Os ternos cuidadosamente dobrados, as calças de trabalho gastas, os suéteres ásperos, tudo apareceu em sequência. Cada peça carregava o mesmo cheiro: lar, naftalina e a simples paz que décadas de rotina trouxeram.
Katerina separava mecanicamente: doar, guardar para a casa de veraneio, jogar fora… Então Oleg moveu a cama e ouviu algo metálico bater. Puxou um velho baú de ferro, grosso e pesado. Enferrujado, empoeirado.
— O que é isso? — perguntou Oleg, tentando levantá-lo.— Ah… nada de especial — Katerina desviou o olhar. — Velhas ferramentas. Restos da fábrica ou da época do serviço militar… “Não toque, Katjuska”, ele sempre dizia. — “Está tudo empoeirado e sem valor.”

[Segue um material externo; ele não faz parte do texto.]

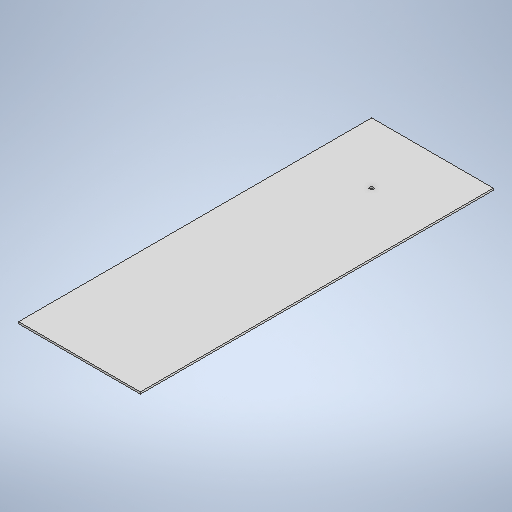
# Autodesk Inventor part: Trebuchet V1 - Long Arm (Sling)
Saved by Autodesk Inventor 2025.2 (Build 292293000, 293)
## iProperties
Created: 2025-04-07
Part Number: Trebuchet V1 - Long Arm (Sling)
Material: Generic
Document SubType Name: Modeling
Designer: Dylan
Density: 1 g/cm^3
Appearance: Default
Author: VRK99-0110
Title: Trebuchet - Long Arm (Sling)
Subject: Trebuchet Project
Autodesk Inventor part; units mm, degrees
ref_plane "YZ Plane" through (0, 0, 0) normal (1, 0, 0) x (0, 1, 0)
ref_plane "XZ Plane" through (0, 0, 0) normal (0, 1, 0) x (-1, 0, 0)
ref_plane "XY Plane" through (0, 0, 0) normal (0, 0, 1) x (1, 0, 0)
sketch "Sketch1" plane through (0, 0, 0) normal (0, 1, 0) x (-1, 0, 0)
  line L0 (0, 0) -> (200, 0)
  line L1 (200, 0) -> (200, -480)
  line L2 (200, -480) -> (0, -480)
  line L3 (0, -480) -> (0, 0)
  line L4 (0, -480) -> (100, -480)
  line L5 (200, -480) -> (200, -580)
  line L6 (200, -580) -> (0, -580)
  line L7 (0, -580) -> (0, -480)
  dimension "d0" = 200
  dimension "d1" = 480
  constraints: 16 end point, 5 perpendicular, 1 horizontal, 1 midpoint, 1 vertical
  measures "d0" distance of L0.start L0.end
  measures "d1" distance of L0.end L1.end
extrude "Extrusion1" add sketch "Sketch1" along normal blind 3.175
sketch "Sketch2" plane through (0, 3.175, 0) normal (0, 1, 0) x (1, 0, 0)
  circle A0 centre (-100, 480) radius 3.175
  point P0 (0, 0)
  dimension "d5" = 6.35
  constraints: 1 centre point
  measures "d5" diameter of A0
extrude "Extrusion2" cut sketch "Sketch2" against normal blind 3.175
body "Solid1"
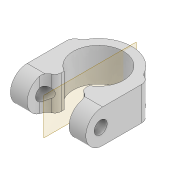
# Autodesk Inventor part: Termination_clip
Saved by Autodesk Inventor 2022 (Build 260153000, 153)
## iProperties
Created: 2022-07-25
Part Number: Termination_clip
Material: Generic
Document SubType Name: Modeling
Designer: dell
Density: 1 g/cm^3
Appearance: Default
Mass: 0.914716 g
Surface Area: 10.3779 cm^2
Volume: 0.914716 cm^3
Author: dell
Autodesk Inventor part; units mm, degrees
ref_plane "XZ Plane" through (0, 0, 0) normal (0, 1, 0) x (-1, 0, 0)
ref_plane "XY Plane" through (0, 0, 0) normal (0, 0, 1) x (1, 0, 0)
sketch "Sketch1" plane through (0, 0, 0) normal (0, 1, 0) x (-1, 0, 0)
  circle A0 centre (0, 0) radius 6
  circle A1 centre (0, 0) radius 8
  line L0 (8, 0) -> (-8, 0)
  line L1 (-8, 0) -> (-8, 12)
  line L2 (-8, 12) -> (8, 12)
  line L3 (8, 12) -> (8, 0)
  line L4 (6, 0) -> (-6, 0)
  line L5 (-6, 0) -> (-6, 12)
  line L6 (-6, 12) -> (6, 12)
  line L7 (6, 12) -> (6, 0)
  line L8 (3, 5.1962) -> (3, 7.4162)
  line L9 (-3, 5.1962) -> (-3, 7.4162)
  line L10 (3, 7.4162) -> (6, 7.4162)
  line L11 (-3, 7.4162) -> (-6, 7.4162)
  line L12 (-11.2, 0) -> (11.2, 0) projected
  dimension "d0" = 12
  dimension "d1" = 2
  dimension "d3" = 4
  dimension "d4" = 3
  dimension "d5" = 3
  constraints: 24 end point, 8 point on circle, 6 point on line, 5 parallel, 3 perpendicular, 2 centre point, 1 coincident, 1 collinear, 1 horizontal, 1 vertical
  measures "d0" diameter of A0
  measures "d1" radial gap between concentric circles of A0 A1
  measures "d3" distance edge to line of A1 L2
  measures "d4" distance between parallel lines of L7 L8
  measures "d5" distance between parallel lines of L5 L9
extrude "Extrusion1" add sketch "Sketch1" along normal blind 8 contours L0 A1 A0 | L7 A1 L0 | A0 L8 A1 L7 | L5 A1 L9 A0 | L0 A1 L5 | A1 L7 L2 L3 | A1 L10 L7 | L1 L2 L5 A1 | L5 L11 A1
fillet "Fillet1" radius 1.5 2 edges at (-3, 4, 7.4162) (3, 4, 7.4162)
sketch "Sketch2" plane through (6, 0, 12) normal (-1, 0, 0) x (0, 0, 1)
  line L0 (0, 0) -> (0, 8) projected
  circle A0 centre (-3.55, 4) radius 1.55
  line L1 (-4.5838, 0) -> (-4.5838, 8) projected
  line L2 (-4.5838, 0) -> (0, 0) projected
  line L3 (-4.5838, 8) -> (0, 8) projected
  point P0 (-12, 0)
  dimension "d9" = 3.1
  dimension "d10" = 2
  dimension "d28" = 4
  constraints: 1 centre point
  measures "d9" diameter of A0
  measures "d10" distance edge to line of A0 L0
  measures "d28" distance from line of L2 A0.centre
extrude "Extrusion2" cut sketch "Sketch2" along normal mid plane 100 contours L1 A0 | A0 L1
sketch "Sketch4" plane through (-8, 0, 0) normal (-1, 0, 0) x (0, 0, 1)
  circle A0 centre (8.45, 4) radius 1.55 projected
  line L0 (0, 0) -> (12, 0) projected
  line L1 (12, 0) -> (12, 8) projected
  line L2 (0, 8) -> (12, 8) projected
  line L3 (0, 0) -> (0, 8) projected
  line L4 (0, 0) -> (0, 0) projected
  line L5 (0, 0) -> (0, 8) projected
  line L6 (0, 8) -> (0, 8) projected
  line L7 (0, 0) -> (0, 8) projected
  line L8 (0, 0) -> (0, 8) projected
  line L9 (0, 8) -> (0, 0)
  line L10 (0, 0) -> (-3, 0)
  line L11 (-3, 0) -> (-3, 8)
  line L12 (-3, 8) -> (0, 8)
  point P0 (0, 0)
  dimension "d22" = 3
  constraints: 8 end point, 3 equal length, 1 perpendicular
  measures "d22" distance between parallel lines of L5 L11
extrude "Extrusion3" add sketch "Sketch4" along normal mid plane 2
fillet "Fillet2" radius 2 2 edges at (-9, 4, -3) (-7.4162, 4, -3)
mirror "Mirror1" about plane through (0, 0, 0) normal (1, 0, 0) of "Extrusion3", "Fillet2"
fillet "Fillet7" radius 4 4 edges at (7.5, 8, 12) (-7.5, 8, 12) (-7.5, 0, 12) (7.5, 0, 12)
thicken "Thicken1" operation add thickness 1 both sides no extend neighbours yes toward (1, 0, 0) faces at (-6, 7.1495, 8.4262)
thicken "Thicken2" operation add thickness 1 both sides no extend neighbours yes toward (-1, 0, 0) faces at (6, 7.1495, 8.4262)
fillet "Fillet8" radius 2 4 edges at (5, 1.4226, 7.4162) (5, 6.5774, 7.4162) (-5, 1.4226, 7.4162) (-5, 6.5774, 7.4162)
body "Solid1"
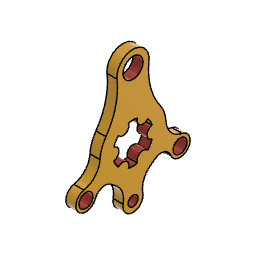
EXP-01_ (Autodesk Fusion 360 design; units mm, degrees)
Autodesk Fusion 360 part; units mm, degrees
sketch "Sketch1" plane through (0, 0, 0) normal (1, 0, 0) x (0, 1, 0)
  line L0 (0, 90) -> (0, -120)
  circle A0 centre (0, 65) radius 10
  circle A1 centre (-47, -26) radius 7
  circle A2 centre (0, -50) radius 5
  arc A3 (-27.0298, 18.9312) -> (-15.8903, 63.1292) centre (-79.4513, 55.6462) ccw
  arc A4 (-48.9633, -16.1946) -> (-32.9314, 2.127) centre (-52.8898, 3.4162) ccw
  arc A5 (-21.5665, -24.9777) -> (-37.5509, -29.2733) centre (-28.1018, -32.5467) ccw
  arc A6 (-9.804, -48.03) -> (-18.3132, -27.4523) centre (-29.4121, -44.09) ccw
  circle A7 centre (0, 65) radius 10
  arc A8 (15.8903, 63.1292) -> (27.0298, 18.9312) centre (79.4513, 55.6462) ccw
  arc A9 (32.9314, 2.127) -> (48.9633, -16.1946) centre (52.8898, 3.4162) ccw
  circle A10 centre (47, -26) radius 7
  arc A11 (18.3132, -27.4523) -> (9.804, -48.03) centre (29.4121, -44.09) ccw
  arc A12 (37.5509, -29.2733) -> (21.5665, -24.9777) centre (28.1018, -32.5467) ccw
  circle A13 centre (0, -50) radius 5
  arc A14 (15.8903, 63.1292) -> (-15.8903, 63.1292) centre (0, 65) ccw
  arc A15 (15.8903, 63.1292) -> (-15.8903, 63.1292) centre (0, 65) ccw
  arc A16 (-27.0298, 18.9312) -> (-32.9314, 2.127) centre (0, 0) ccw
  arc A17 (-27.0298, 18.9312) -> (-32.9314, 2.127) centre (0, 0) ccw
  arc A18 (-21.5665, -24.9777) -> (-18.3132, -27.4523) centre (0, 0) ccw
  arc A19 (-21.5665, -24.9777) -> (-18.3132, -27.4523) centre (0, 0) ccw
  arc A20 (18.3132, -27.4523) -> (21.5665, -24.9777) centre (0, 0) ccw
  arc A21 (32.9314, 2.127) -> (27.0298, 18.9312) centre (0, 0) ccw
  arc A22 (18.3132, -27.4523) -> (21.5665, -24.9777) centre (0, 0) ccw
  arc A23 (32.9314, 2.127) -> (27.0298, 18.9312) centre (0, 0) ccw
  arc A24 (-48.9633, -16.1946) -> (-37.5509, -29.2733) centre (-47, -26) ccw
  arc A25 (-9.804, -48.03) -> (9.804, -48.03) centre (0, -50) ccw
  arc A26 (-9.804, -48.03) -> (9.804, -48.03) centre (0, -50) ccw
  arc A27 (37.5509, -29.2733) -> (48.9633, -16.1946) centre (47, -26) ccw
  arc A28 (-19.1, -5.9321) -> (-19.1, 5.9321) centre (-20, 0) ccw
  arc A29 (-4.4126, -19.5071) -> (-14.6874, -13.575) centre (-10, -17.3205) ccw
  arc A30 (14.6874, -13.575) -> (4.4126, -19.5071) centre (10, -17.3205) ccw
  arc A31 (19.1, 5.9321) -> (19.1, -5.9321) centre (20, 0) ccw
  arc A32 (4.4126, 19.5071) -> (14.6874, 13.575) centre (10, 17.3205) ccw
  arc A33 (-14.6874, 13.575) -> (-4.4126, 19.5071) centre (-10, 17.3205) ccw
  arc A34 (-14.6874, 13.575) -> (-19.1, 5.9321) centre (0, 0) ccw
  arc A35 (-14.6874, 13.575) -> (-19.1, 5.9321) centre (0, 0) ccw
  arc A36 (4.4126, 19.5071) -> (-4.4126, 19.5071) centre (0, 0) ccw
  arc A37 (4.4126, 19.5071) -> (-4.4126, 19.5071) centre (0, 0) ccw
  arc A38 (19.1, 5.9321) -> (14.6874, 13.575) centre (0, 0) ccw
  arc A39 (19.1, 5.9321) -> (14.6874, 13.575) centre (0, 0) ccw
  arc A40 (14.6874, -13.575) -> (19.1, -5.9321) centre (0, 0) ccw
  arc A41 (14.6874, -13.575) -> (19.1, -5.9321) centre (0, 0) ccw
  arc A42 (-19.1, -5.9321) -> (-14.6874, -13.575) centre (0, 0) ccw
  arc A43 (-4.4126, -19.5071) -> (4.4126, -19.5071) centre (0, 0) ccw
  arc A44 (-19.1, -5.9321) -> (-14.6874, -13.575) centre (0, 0) ccw
  arc A45 (-4.4126, -19.5071) -> (4.4126, -19.5071) centre (0, 0) ccw
  dimension "d8" = 65
  dimension "d9" = 26
  dimension "d10" = 24
  dimension "d11" = 47
  dimension "d12" = 64
  dimension "d13" = 20
  dimension "d14" = 10
  dimension "d15" = 20
  dimension "d18" = 360
  dimension "d21" = 6
  constraint vertical L0
  constraint coincident L0 A0.centre
  constraint concentric A0 A14
  constraint coincident A16.centre A17.centre
  constraint concentric A1 A24
  constraint coincident L0 A2.centre
  constraint concentric A2 A26
  constraint tangent A3 A14
  constraint tangent A3 A16
  constraint tangent A4 A24
  constraint tangent A4 A16
  constraint tangent A5 A24
  constraint coincident A5.start A16
  constraint tangent A5 A16
  constraint tangent A6 A16
  constraint coincident A6.end A16
  constraint tangent A6 A26
  constraint symmetric L0 A0 A7
  constraint symmetric L0 A14 A15
  constraint symmetric L0 A42 A44
  constraint symmetric L0 A16 A17
  constraint symmetric L0 A24 A27
  constraint symmetric L0 A1 A10
  constraint symmetric L0 A25 A26
  constraint symmetric L0 A2 A13
  constraint symmetric L0 A3.end A8.start
  constraint symmetric L0 A3.start A8.end
  constraint symmetric L0 A3 A8
  constraint symmetric L0 A4.end A9.start
  constraint symmetric L0 A4.start A9.end
  constraint symmetric L0 A4 A9
  constraint symmetric L0 A5.end A12.start
  constraint symmetric L0 A5.start A12.end
  constraint symmetric L0 A5 A12
  constraint symmetric L0 A6.start A11.end
  constraint symmetric L0 A6.end A11.start
  constraint symmetric L0 A6 A11
  constraint concentric A16 A19
  constraint concentric A17 A18
  constraint concentric A18 A20
  constraint concentric A19 A22
  constraint concentric A20 A21
  constraint concentric A22 A23
  constraint coincident A28.centre A42
  constraint concentric A34 A42
  constraint concentric A35 A44
  constraint concentric A36 A42
  constraint concentric A37 A44
  constraint concentric A38 A44
  constraint concentric A39 A42
  constraint concentric A40 A44
  constraint concentric A41 A42
  constraint concentric A42 A43
  constraint concentric A44 A45
  measures "d8" distance of A0.centre A16.centre
  measures "d9" vertical distance of A16.centre A1.centre
  measures "d10" vertical distance of A1.centre A2.centre
  measures "d11" horizontal distance of A1.centre A2.centre
  measures "d12" radius of A3
  measures "d13" radius of A4
  measures "d14" radius of A5
  measures "d15" radius of A6
  measures "d21" radius of A33
extrude "Extrude1" add sketch "Sketch1" along normal blind 10 contours L0 A0 A2 A7 A8 A9 A11 A12 A13 A14 A15 A20 A21 A22 A23 A25 A26 A27 A30 A31 A32 A36 A37 A38 A39 A40 A41 A43 A45 | L0 A0 A2 A3 A4 A5 A6 A7 A13 A14 A15 A16 A17 A18 A19 A24 A25 A26 A28 A29 A33 A34 A35 A36 A37 A42 A43 A44 A45
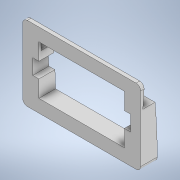
# Autodesk Inventor part: electricalCoverGasket02
Saved by Autodesk Inventor 2021.1 (Build 251245000, 245)
## iProperties
Created: 2020-08-29
Part Number: electricalCoverGasket02
Material: Generic
Document SubType Name: Modeling
Designer: robst
Density: 1 g/cm^3
Appearance: Default
Author: robst
Autodesk Inventor part; units mm, degrees
ref_plane "YZ Plane" through (0, 0, 0) normal (1, 0, 0) x (0, 1, 0)
ref_plane "XZ Plane" through (0, 0, 0) normal (0, 1, 0) x (-1, 0, 0)
sketch "Sketch1" plane through (0, 0, 0) normal (1, 0, 0) x (0, 1, 0)
  line L0 (0, 0) -> (0, 12.7)
  line L1 (0, 0) -> (-101.6, 0) construction
  arc A0 (-101.6, 0) -> (0, 0) centre (-50.8, 556.4861) ccw
  line L2 (-50.8, -2.3139) -> (-50.8, 0) construction
  line L3 (0, 12.7) -> (101.6, 12.7) construction
  arc A1 (0, 12.7) -> (101.6, 12.7) centre (50.8, 569.1861) ccw
  line L4 (22.2779, 14.9245) -> (-55.1921, 14.9245)
  line L5 (-55.1921, 14.9245) -> (-55.1921, -2.2966)
  line L6 (22.2779, 14.9245) -> (22.2779, 11.1145)
  dimension "d5" = 558.8
  dimension "d6" = 101.6
  dimension "d7" = 558.8
  dimension "d24" = 12.7
  dimension "d26" = 77.47
  dimension "d28" = 55.1921
  dimension "d29" = 3.81
  constraints: 14 end point, 7 point on circle, 3 horizontal, 2 centre point, 2 perpendicular, 1 midpoint, 1 vertical
  measures "d5" radius of A0
  measures "d6" distance of L0.end L3.end
  measures "d7" radius of A1
  measures "d24" distance of L0.start L0.end
  measures "d26" distance of L4.start L4.end
  measures "d28" distance between parallel lines of L0 L5
  measures "d29" distance of L4.start L6.end
extrude "Extrusion3" add sketch "Sketch1" along normal mid plane 122.428
sketch "Sketch5" plane through (0, 0, 0) normal (0, 0, 1) x (1, 0, 0)
  line L0 (-61.214, 22.2779) -> (61.214, 22.2779) projected
  line L1 (-61.214, 0) -> (61.214, 0) projected
  line L2 (61.214, 0) -> (61.214, 22.2779)
  line L3 (-61.214, 22.2779) -> (-61.214, 0)
  line L4 (61.214, 14.6579) -> (-61.214, 14.6579) construction
  line L5 (-61.214, -55.1921) -> (-61.214, 22.2779) construction
  line L6 (21.5694, 10.8479) -> (21.5694, 17.5664)
  line L7 (21.5694, 17.5664) -> (24.1259, 17.5664)
  line L8 (24.1259, 17.5664) -> (24.1259, 18.4679)
  line L9 (24.1259, 18.4679) -> (18.0002, 18.4679)
  line L10 (18.0002, 18.4679) -> (18.0002, 17.5664)
  line L11 (18.0002, 17.5664) -> (20.5567, 17.5664)
  line L12 (20.5567, 17.5664) -> (20.5567, 10.8479)
  line L13 (20.5567, 10.8479) -> (21.5694, 10.8479)
  spline S0 degree 2 poles (11.8314, 17.5972) (11.3991, 17.0909) (10.9175, 15.6089) (10.9175, 14.6579) knots 0 0 0 1 2 2 2
  spline S1 degree 2 poles (10.9175, 14.6579) (10.9175, 13.7317) (11.3868, 12.2311) (11.8314, 11.7248) knots 0 0 0 1 2 2 2
  spline S2 degree 2 poles (11.8314, 11.7248) (12.3007, 11.1937) (13.5419, 10.6874) (14.289, 10.6874) knots 0 0 0 1 2 2 2
  spline S3 degree 2 poles (14.289, 10.6874) (15.0609, 10.6874) (16.2959, 11.2122) (16.7467, 11.7248) knots 0 0 0 1 2 2 2
  spline S4 degree 2 poles (16.7467, 11.7248) (17.1851, 12.2311) (17.6544, 13.7193) (17.6544, 14.6579) knots 0 0 0 1 2 2 2
  spline S5 degree 2 poles (17.6544, 14.6579) (17.6544, 15.615) (17.179, 17.0724) (16.7405, 17.5972) knots 0 0 0 1 2 2 2
  spline S6 degree 2 poles (16.7405, 17.5972) (16.2959, 18.1036) (15.0547, 18.6285) (14.289, 18.6285) knots 0 0 0 1 2 2 2
  spline S7 degree 2 poles (14.289, 18.6285) (13.511, 18.6285) (12.2636, 18.0851) (11.8314, 17.5972) knots 0 0 0 1 2 2 2
  spline S8 degree 2 poles (11.9734, 14.6579) (11.9734, 15.4113) (12.3007, 16.5784) (12.5971, 16.9612) knots 0 0 0 1 2 2 2
  spline S9 degree 2 poles (12.5971, 16.9612) (12.8997, 17.3564) (13.7518, 17.7516) (14.2829, 17.7516) knots 0 0 0 1 2 2 2
  spline S10 degree 2 poles (14.2829, 17.7516) (14.8324, 17.7516) (15.6599, 17.3688) (15.9748, 16.9612) knots 0 0 0 1 2 2 2
  spline S11 degree 2 poles (15.9748, 16.9612) (16.2774, 16.5722) (16.5985, 15.3989) (16.5985, 14.6579) knots 0 0 0 1 2 2 2
  spline S12 degree 2 poles (16.5985, 14.6579) (16.5985, 13.1574) (15.3388, 11.5642) (14.2829, 11.5642) knots 0 0 0 1 2 2 2
  spline S13 degree 2 poles (14.2829, 11.5642) (13.2269, 11.5642) (11.9734, 13.1574) (11.9734, 14.6579) knots 0 0 0 1 2 2 2
  spline S14 degree 2 poles (4.9894, 16.1708) (4.9894, 15.6768) (5.3414, 14.7876) (5.6563, 14.4788) knots 0 0 0 1 2 2 2
  spline S15 degree 2 poles (5.6563, 14.4788) (6.0515, 14.0898) (7.1198, 13.6884) (7.9349, 13.6884) knots 0 0 0 1 2 2 2
  line L14 (7.9349, 13.6884) -> (8.7933, 13.6884)
  line L15 (8.7933, 13.6884) -> (8.7933, 10.8479)
  line L16 (8.7933, 10.8479) -> (9.806, 10.8479)
  line L17 (9.806, 10.8479) -> (9.806, 18.4679)
  line L18 (9.806, 18.4679) -> (7.8917, 18.4679)
  spline S16 degree 2 poles (7.8917, 18.4679) (7.2124, 18.4679) (6.2615, 18.2456) (5.8972, 17.9924) knots 0 0 0 1 2 2 2
  spline S17 degree 2 poles (5.8972, 17.9924) (5.4711, 17.7022) (4.9894, 16.8068) (4.9894, 16.1708) knots 0 0 0 1 2 2 2
  spline S18 degree 2 poles (6.0454, 16.1399) (6.0454, 16.5351) (6.3171, 17.1156) (6.5949, 17.3008) knots 0 0 0 1 2 2 2
  spline S19 degree 2 poles (6.5949, 17.3008) (6.8358, 17.4614) (7.478, 17.5911) (7.9535, 17.5911) knots 0 0 0 1 2 2 2
  line L19 (7.9535, 17.5911) -> (8.7933, 17.5911)
  line L20 (8.7933, 17.5911) -> (8.7933, 14.5529)
  line L21 (8.7933, 14.5529) -> (8.1017, 14.5529)
  spline S20 degree 2 poles (8.1017, 14.5529) (7.4841, 14.5529) (6.7246, 14.7505) (6.4776, 15.0099) knots 0 0 0 1 2 2 2
  spline S21 degree 2 poles (6.4776, 15.0099) (6.2491, 15.2384) (6.0454, 15.7756) (6.0454, 16.1399) knots 0 0 0 1 2 2 2
  line L22 (1.0745, 18.8075) -> (4.057, 9.193)
  line L23 (4.057, 9.193) -> (4.9215, 9.193)
  line L24 (4.9215, 9.193) -> (1.9513, 18.8075)
  line L25 (1.9513, 18.8075) -> (1.0745, 18.8075)
  spline S22 degree 2 poles (-5.15, 13.1883) (-5.15, 12.6202) (-4.7177, 11.7495) (-4.3596, 11.4654) knots 0 0 0 1 2 2 2
  spline S23 degree 2 poles (-4.3596, 11.4654) (-3.9273, 11.132) (-2.9455, 10.8479) (-2.1674, 10.8479) knots 0 0 0 1 2 2 2
  line L26 (-2.1674, 10.8479) -> (0.0185, 10.8479)
  line L27 (0.0185, 10.8479) -> (0.0185, 18.4679)
  line L28 (0.0185, 18.4679) -> (-2.0007, 18.4679)
  spline S24 degree 2 poles (-2.0007, 18.4679) (-2.8158, 18.4679) (-3.6309, 18.3629) (-4.0014, 18.1592) knots 0 0 0 1 2 2 2
  spline S25 degree 2 poles (-4.0014, 18.1592) (-4.4152, 17.943) (-4.7918, 17.2329) (-4.7918, 16.7513) knots 0 0 0 1 2 2 2
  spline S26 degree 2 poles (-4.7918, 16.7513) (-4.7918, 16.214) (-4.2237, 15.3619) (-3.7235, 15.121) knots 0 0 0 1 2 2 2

Mas o cadeado era robusto, grosso; não algo que se colocasse apenas por formalidade.— Onde está a chave? — perguntou Oleg.— Não faço ideia… ele sempre a carregava no chaveiro.
Oleg saiu para o corredor e voltou com uma caixa de ferramentas. Alguns minutos de barulho metálico e o cadeado cedeu, com um clique discreto, e o baú se abriu. O primeiro impacto foi o cheiro.
Não era pó. Não era mofo. Um aroma agudo, estranho, inquietante — lembrava um perfume barato, couro antigo e óleo de arma ao mesmo tempo. Sveta levou a mão à boca, e Katerina se inclinou mais perto.
No topo do baú havia um maço de papéis cuidadosamente amarrado. Por baixo, pacotes de dinheiro, presos com elásticos — uma quantidade enorme. Alarmante.— Mama… quanto dinheiro é isso? — perguntou Oleg, incrédulo. — E você não sabia? Com o salário de um trabalhador comum? Isso dá para comprar um apartamento…
Oleg descobriu outros segredos: passaportes falsos, nomes diferentes — Jegorov Jegor Nikolaevich, Sinitin Pavel Andrejevich… Uma identidade completa. Sveta murmurou:— Mama… uma pessoa comum não guarda coisas assim.
Mas o pior ainda estava por vir. No fundo do baú, um caderno de capa preta e um monte de cartas amareladas. Katerina pegou uma das cartas: caligrafia feminina, letras grandes e inclinadas. “Meu amor, Jegor…” Jegor. Não Stepan. Jegor, a outra vida do marido.

Em uma foto, seu marido — ou melhor, Jegor — sorria feliz ao lado de uma mulher que Katerina nunca tinha visto e de um menino de cerca de dez anos. O rosto do menino… era a cara de Stepan na juventude.
Oleg empalideceu:— Mama… é outra família? Outra vida?De repente, o mundo parecia mais pálido, mais frio e estranho. Todos os segredos, documentos falsos e dinheiro escondido revelavam um passado desconhecido e culpado.
— Mama, isso é crime… documentos falsos, dinheiro sujo! Temos que ir à polícia!Katerina respondeu baixinho, mas com firmeza:— Não. Ele morreu… e eu não quero que isso seja a herança dele.
Oleg saiu furioso. Katerina ficou horas sentada diante do baú, até que a curiosidade começou a substituir o choque e o luto. Ela precisava ver aquela outra mulher. Aquela outra vida.Na manhã seguinte, partiu. O ruído monótono do ônibus abafava seus pensamentos. Apenas um objetivo à frente: precisava ir.
No terceiro andar de um prédio silencioso de cinco andares, tocou a campainha. Uma mulher cansada, mas de olhos belos, abriu a porta. Ao ouvir o nome… congelou.— Você… é… a esposa dele?
— Sim — disse Katerina. — E ele a conhecia como Jegor.No hall, fotos de família estavam penduradas. O marido, sorrindo, abraçando, vivendo uma vida que nunca dividiu com Katerina. O menino… o mesmo olhar, os mesmos gestos.
Katerina sentiu-se entrando em uma vida de estranhos. Uma vida onde seu marido era feliz. E nela… ela nunca existira.